-------- DATASET EXTRACT

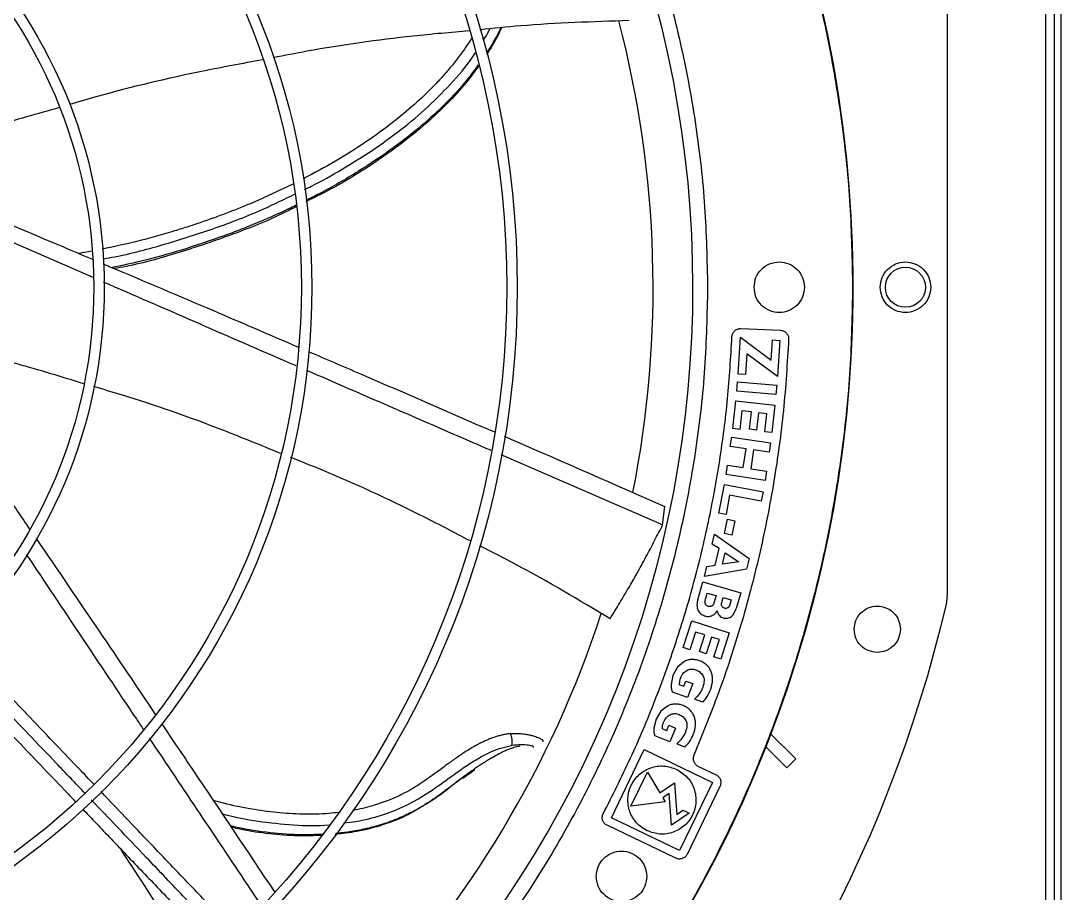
# Model space of a CAD drawing. Header units: inches. Extents: x 1229 to 1453, y -1023 to -720.
# Drawn here: x 1288.1 to 1297.84, y -870.93 to -862.77 of the extents above; entities that cross this region are included whole.
import ezdxf

# ---------------------------------------------------------------- set-up
doc = ezdxf.new("R2010")
doc.units = ezdxf.units.IN
doc.header["$MEASUREMENT"] = 0

msp = doc.modelspace()

# ---------------------------------------------------------------- linework, layer by layer
at = {"color": 18, "linetype": 'Continuous', "lineweight": 25, "true_color": 0x000000}
for p, q in [((1297.7736, -879.2706), (1297.7736, -851.8687)), ((1297.8366, -879.2706), (1297.8366, -851.8687)), ((1297.6906, -851.9447), (1297.6906, -879.1947)), ((1296.7724, -865.2608), (1296.7723, -862.3832)), ((1288.7742, -865.1707), (1286.9975, -864.3972)), ((1288.7607, -864.9219), (1288.6368, -864.9438)), ((1296.7723, -868.1384), (1296.7724, -865.2608)), ((1294.8364, -865.6475), (1295.2101, -865.6638)), ((1294.8135, -866.0736), (1294.8343, -865.7284)), ((1294.8343, -865.7284), (1295.123, -865.9421)), ((1295.123, -865.9421), (1295.1343, -865.7538)), ((1295.1343, -865.7538), (1295.2017, -865.7579)), ((1295.2017, -865.7579), (1295.1814, -866.0957)), ((1294.8924, -865.8835), (1294.8807, -866.0776)), ((1295.1814, -866.0957), (1294.8924, -865.8835)), ((1294.8807, -866.0776), (1294.8135, -866.0736)), ((1294.7988, -866.2333), (1294.8065, -866.1453)), ((1295.1659, -866.2654), (1294.7988, -866.2333)), ((1294.8065, -866.1453), (1295.1736, -866.1773)), ((1295.1736, -866.1773), (1295.1659, -866.2654)), ((1294.7616, -866.5837), (1294.791, -866.3224)), ((1294.791, -866.3224), (1295.1572, -866.3636)), ((1294.848, -866.4177), (1294.8285, -866.5913)), ((1294.9363, -866.4277), (1294.848, -866.4177)), ((1294.9181, -866.5897), (1294.9363, -866.4277)), ((1295.1572, -866.3636), (1295.1283, -866.621)), ((1295.0032, -866.4352), (1294.9849, -866.5972)), ((1295.0802, -866.4438), (1295.0032, -866.4352)), ((1295.0612, -866.6134), (1295.0802, -866.4438)), ((1294.8285, -866.5913), (1294.7616, -866.5837)), ((1294.9849, -866.5972), (1294.9181, -866.5897)), ((1295.1283, -866.621), (1295.0612, -866.6134)), ((1294.7391, -866.75), (1294.7521, -866.6626)), ((1294.7521, -866.6626), (1295.1166, -866.7171)), ((1295.1166, -866.7171), (1295.1035, -866.8045)), ((1294.8865, -866.772), (1294.7391, -866.75)), ((1294.8601, -866.9487), (1294.8865, -866.772)), ((1294.9567, -866.7825), (1294.9303, -866.9591)), ((1295.1035, -866.8045), (1294.9567, -866.7825)), ((1294.1058, -867.4832), (1292.5938, -866.8286)), ((1294.6996, -867.014), (1294.7127, -866.9266)), ((1295.0641, -867.0685), (1294.6996, -867.014)), ((1294.7127, -866.9266), (1294.8601, -866.9487)), ((1294.9303, -866.9591), (1295.0771, -866.9811)), ((1295.0771, -866.9811), (1295.0641, -867.0685)), ((1294.6327, -867.374), (1294.6831, -867.1068)), ((1294.6831, -867.1068), (1295.0452, -867.1751)), ((1294.7328, -867.2061), (1294.6988, -867.3865)), ((1295.0288, -867.262), (1294.7328, -867.2061)), ((1295.0452, -867.1751), (1295.0288, -867.262)), ((1294.1058, -867.4832), (1294.1261, -867.3121)), ((1294.6988, -867.3865), (1294.6327, -867.374)), ((1294.6831, -867.5641), (1294.7114, -867.4307)), ((1294.7114, -867.4307), (1294.7814, -867.4456)), ((1294.7814, -867.4456), (1294.753, -867.579)), ((1294.5697, -867.6632), (1294.5919, -867.5717)), ((1294.5919, -867.5717), (1294.9162, -867.798)), ((1294.753, -867.579), (1294.6831, -867.5641)), ((1294.6337, -867.7061), (1294.5697, -867.6632)), ((1294.5961, -867.8615), (1294.6337, -867.7061)), ((1294.6649, -867.851), (1294.6907, -867.744)), ((1294.6907, -867.744), (1294.8181, -867.8289)), ((1294.4966, -867.9658), (1294.5191, -867.8727)), ((1294.5191, -867.8727), (1294.5961, -867.8615)), ((1294.8181, -867.8289), (1294.6649, -867.851)), ((1294.9162, -867.798), (1294.8919, -867.8985)), ((1294.8919, -867.8985), (1294.4966, -867.9658)), ((1294.4344, -868.1859), (1294.4817, -868.0184)), ((1294.4817, -868.0184), (1294.8363, -868.1186)), ((1294.5086, -868.1707), (1294.5224, -868.1217)), ((1294.5224, -868.1217), (1294.6064, -868.1454)), ((1294.6064, -868.1454), (1294.5893, -868.2061)), ((1294.6584, -868.2089), (1294.6712, -868.1637)), ((1294.6712, -868.1637), (1294.7473, -868.1853)), ((1294.8363, -868.1186), (1294.7944, -868.2671)), ((1296.7618, -868.2287), (1296.7723, -868.1384)), ((1294.7473, -868.1853), (1294.7345, -868.2304)), ((1294.7714, -868.3175), (1294.7944, -868.2671)), ((1294.4727, -868.323), (1294.5041, -868.3369)), ((1294.2973, -868.6322), (1294.3773, -868.3817)), ((1294.3773, -868.3817), (1294.7284, -868.4938)), ((1294.4145, -868.4863), (1294.3614, -868.6527)), ((1294.4992, -868.5134), (1294.4145, -868.4863)), ((1294.4496, -868.6687), (1294.4992, -868.5134)), ((1294.5633, -868.5338), (1294.5137, -868.6891)), ((1294.6372, -868.5574), (1294.5633, -868.5338)), ((1294.5852, -868.72), (1294.6372, -868.5574)), ((1294.7284, -868.4938), (1294.6496, -868.7405)), ((1294.3614, -868.6527), (1294.2973, -868.6322)), ((1294.5137, -868.6891), (1294.4496, -868.6687)), ((1294.303, -868.7655), (1294.2437, -868.8161)), ((1294.6496, -868.7405), (1294.5852, -868.72)), ((1294.2437, -868.8161), (1294.2019, -868.8917)), ((1294.2019, -868.8917), (1294.1854, -868.978)), ((1294.2648, -868.9795), (1294.2654, -868.947)), ((1294.2654, -868.947), (1294.2724, -868.9192)), ((1294.3055, -868.9941), (1294.3233, -868.9447)), ((1294.3233, -868.9447), (1294.3868, -868.9675)), ((1294.3393, -869.1001), (1294.1972, -869.0492)), ((1294.2648, -868.9795), (1294.3055, -868.9941)), ((1294.3868, -868.9675), (1294.3393, -869.1001)), ((1294.4805, -869.143), (1294.4048, -869.1158)), ((1294.0889, -869.2275), (1294.044, -869.3013)), ((1294.1502, -869.1794), (1294.0889, -869.2275)), ((1294.044, -869.3013), (1294.0239, -869.3868)), ((1294.1052, -869.3592), (1294.1133, -869.3317)), ((1294.1032, -869.3916), (1294.1052, -869.3592)), ((1294.1032, -869.3916), (1294.1433, -869.4079)), ((1294.1433, -869.4079), (1294.1631, -869.3593)), ((1294.1631, -869.3593), (1294.2256, -869.3847)), ((1294.2256, -869.3847), (1294.1726, -869.5152)), ((1295.1162, -869.4383), (1295.352, -869.6741)), ((1294.1726, -869.5152), (1294.0328, -869.4584)), ((1294.312, -869.5638), (1294.2375, -869.5336)), ((1293.6254, -870.2234), (1293.9338, -869.5854)), ((1293.9338, -869.5854), (1294.5719, -869.8938)), ((1295.2668, -869.756), (1295.0694, -869.5586)), ((1295.352, -869.6741), (1295.2668, -869.756)), ((1292.2352, -869.8546), (1292.3485, -869.773)), ((1293.8082, -870.1148), (1293.9623, -869.7961)), ((1293.9623, -869.7961), (1294.0794, -869.9896)), ((1294.4363, -869.7413), (1294.6063, -869.8224)), ((1294.0794, -869.9896), (1294.2164, -869.897)), ((1294.2164, -869.897), (1294.2374, -870.1926)), ((1294.5719, -869.8938), (1294.2634, -870.5318)), ((1294.6443, -869.9256), (1294.3338, -870.568)), ((1294.1671, -869.9982), (1294.1087, -870.0377)), ((1294.1882, -870.2945), (1294.1671, -869.9982)), ((1294.1305, -870.074), (1293.8082, -870.1148)), ((1294.1087, -870.0377), (1294.1305, -870.074)), ((1294.2634, -870.5318), (1293.6254, -870.2234)), ((1294.3543, -870.1822), (1294.1882, -870.2945)), ((1294.2374, -870.1926), (1294.2951, -870.1536)), ((1294.2951, -870.1536), (1294.3543, -870.1822)), ((1294.2301, -870.6026), (1293.5847, -870.2948))]:
    msp.add_line(p, q, dxfattribs=at)
for centre, radius in [((1284.1739, -865.2608), 11.7126), ((1284.1739, -865.2608), 8.5704), ((1284.1739, -865.2608), 8.472), ((1284.1739, -865.2608), 6.6478), ((1284.1739, -865.2608), 6.5493), ((1284.1739, -865.2608), 4.7037), ((1284.1739, -865.2608), 4.6053), ((1296.3786, -865.2608), 0.1875)]:
    msp.add_circle(centre, radius, dxfattribs=at)
for radius, start, end in [(10.2157, 314.3624, 43.03697), (11.7147, 339.09994, 20.90006), (9.8425, 348.7557, 14.65988), (12.9331, 283.26667, 346.73333), (9.8425, 316.0273, 341.93053), (11.7147, 315.79736, 338.46866)]:
    msp.add_arc((1284.1739, -865.2608), radius, start, end, dxfattribs=at)
for points, knots in [([(1272.4643, -865.2608), (1272.4692, -865.0053), (1272.4788, -864.4944), (1272.5568, -863.7313), (1272.681, -862.9748), (1272.8553, -862.228), (1273.0778, -861.4942), (1273.3479, -860.7766), (1273.6644, -860.0781), (1274.0259, -859.4019), (1274.4308, -858.7507), (1274.8774, -858.1274), (1275.3639, -857.5347), (1275.8881, -856.975), (1276.4477, -856.4508), (1277.0405, -855.9644), (1277.6637, -855.5177), (1278.3149, -855.1128), (1278.9912, -854.7513), (1279.6896, -854.4349), (1280.4073, -854.1648), (1281.141, -853.9422), (1281.8878, -853.7681), (1282.6444, -853.6432), (1283.4075, -853.568), (1284.1739, -853.5429), (1284.9402, -853.568), (1285.7033, -853.6432), (1286.4599, -853.7681), (1287.2067, -853.9422), (1287.9404, -854.1648), (1288.6581, -854.4349), (1289.3565, -854.7513), (1290.0328, -855.1128), (1290.684, -855.5177), (1291.3073, -855.9644), (1291.9, -856.4508), (1292.4597, -856.975), (1292.9838, -857.5347), (1293.4703, -858.1274), (1293.9169, -858.7507), (1294.3218, -859.4019), (1294.6833, -860.0781), (1294.9998, -860.7766), (1295.2699, -861.4942), (1295.4924, -862.228), (1295.6667, -862.9748), (1295.7909, -863.7313), (1295.8689, -864.4944), (1295.8786, -865.0053), (1295.8834, -865.2608)], [0, 0, 0, 0, 0.020833, 0.041667, 0.0625, 0.083333, 0.104167, 0.125, 0.145833, 0.166667, 0.1875, 0.208333, 0.229167, 0.25, 0.270833, 0.291667, 0.3125, 0.333333, 0.354167, 0.375, 0.395833, 0.416667, 0.4375, 0.458333, 0.479167, 0.5, 0.520833, 0.541667, 0.5625, 0.583333, 0.604167, 0.625, 0.645833, 0.666667, 0.6875, 0.708333, 0.729167, 0.75, 0.770833, 0.791667, 0.8125, 0.833333, 0.854167, 0.875, 0.895833, 0.916667, 0.9375, 0.958333, 0.979167, 1, 1, 1, 1]), ([(1291.9026, -858.3736), (1292.0658, -858.5646), (1292.3921, -858.9467), (1292.8271, -859.563), (1293.2192, -860.2068), (1293.5626, -860.8782), (1293.8566, -861.5725), (1294.0991, -862.2865), (1294.2893, -863.0162), (1294.4249, -863.7577), (1294.5102, -864.5073), (1294.5208, -865.0096), (1294.5261, -865.2608)], [0, 0, 0, 0, 0.1, 0.2, 0.3, 0.4, 0.5, 0.6, 0.7, 0.8, 0.9, 1, 1, 1, 1]), ([(1293.7913, -862.7666), (1293.4526, -862.7773), (1292.9862, -862.792), (1292.5223, -862.8391), (1292.3953, -862.852)], [0, 0, 0, 0, 0.726229, 1, 1, 1, 1]), ([(1292.2966, -862.8614), (1292.1214, -862.8771), (1291.6119, -862.9226), (1290.9995, -863.0082), (1290.5661, -863.0931), (1290.4618, -863.1135)], [0, 0, 0, 0, 0.284889, 0.827951, 1, 1, 1, 1]), ([(1292.4263, -862.9491), (1292.4466, -862.9195), (1292.4702, -862.8853), (1292.4869, -862.8482), (1292.4892, -862.8431)], [0, 0, 0, 0, 0.863191, 1, 1, 1, 1]), ([(1292.5915, -862.8334), (1292.5697, -862.877), (1292.5288, -862.9586), (1292.4789, -863.036), (1292.4556, -863.0721)], [0, 0, 0, 0, 0.534232, 1, 1, 1, 1]), ([(1292.5962, -862.8329), (1292.5852, -862.8586), (1292.5482, -862.9452), (1292.4952, -863.0254), (1292.458, -863.0819)], [0, 0, 0, 0, 0.295896, 1, 1, 1, 1]), ([(1292.318, -862.9285), (1292.3013, -862.9552), (1292.2627, -863.0168), (1292.1954, -863.1092), (1292.1187, -863.206), (1292.0381, -863.2985), (1291.9277, -863.4153), (1291.7751, -863.56), (1291.5664, -863.7328), (1291.3201, -863.9103), (1291.0433, -864.0867), (1290.8432, -864.1922), (1290.7419, -864.2456)], [0, 0, 0, 0, 0.0457529, 0.1057729, 0.1652638, 0.224217, 0.2826204, 0.3967082, 0.5266446, 0.6724573, 0.83416, 1, 1, 1, 1]), ([(1290.7534, -864.346), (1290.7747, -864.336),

----------------

• **AIM OF THE EXERCISE**
Find the number of lines in the listing that carry the word "centre". Only that figure should appear in the reply.

• **OUTPUT FOR THIS EXERCISE**
2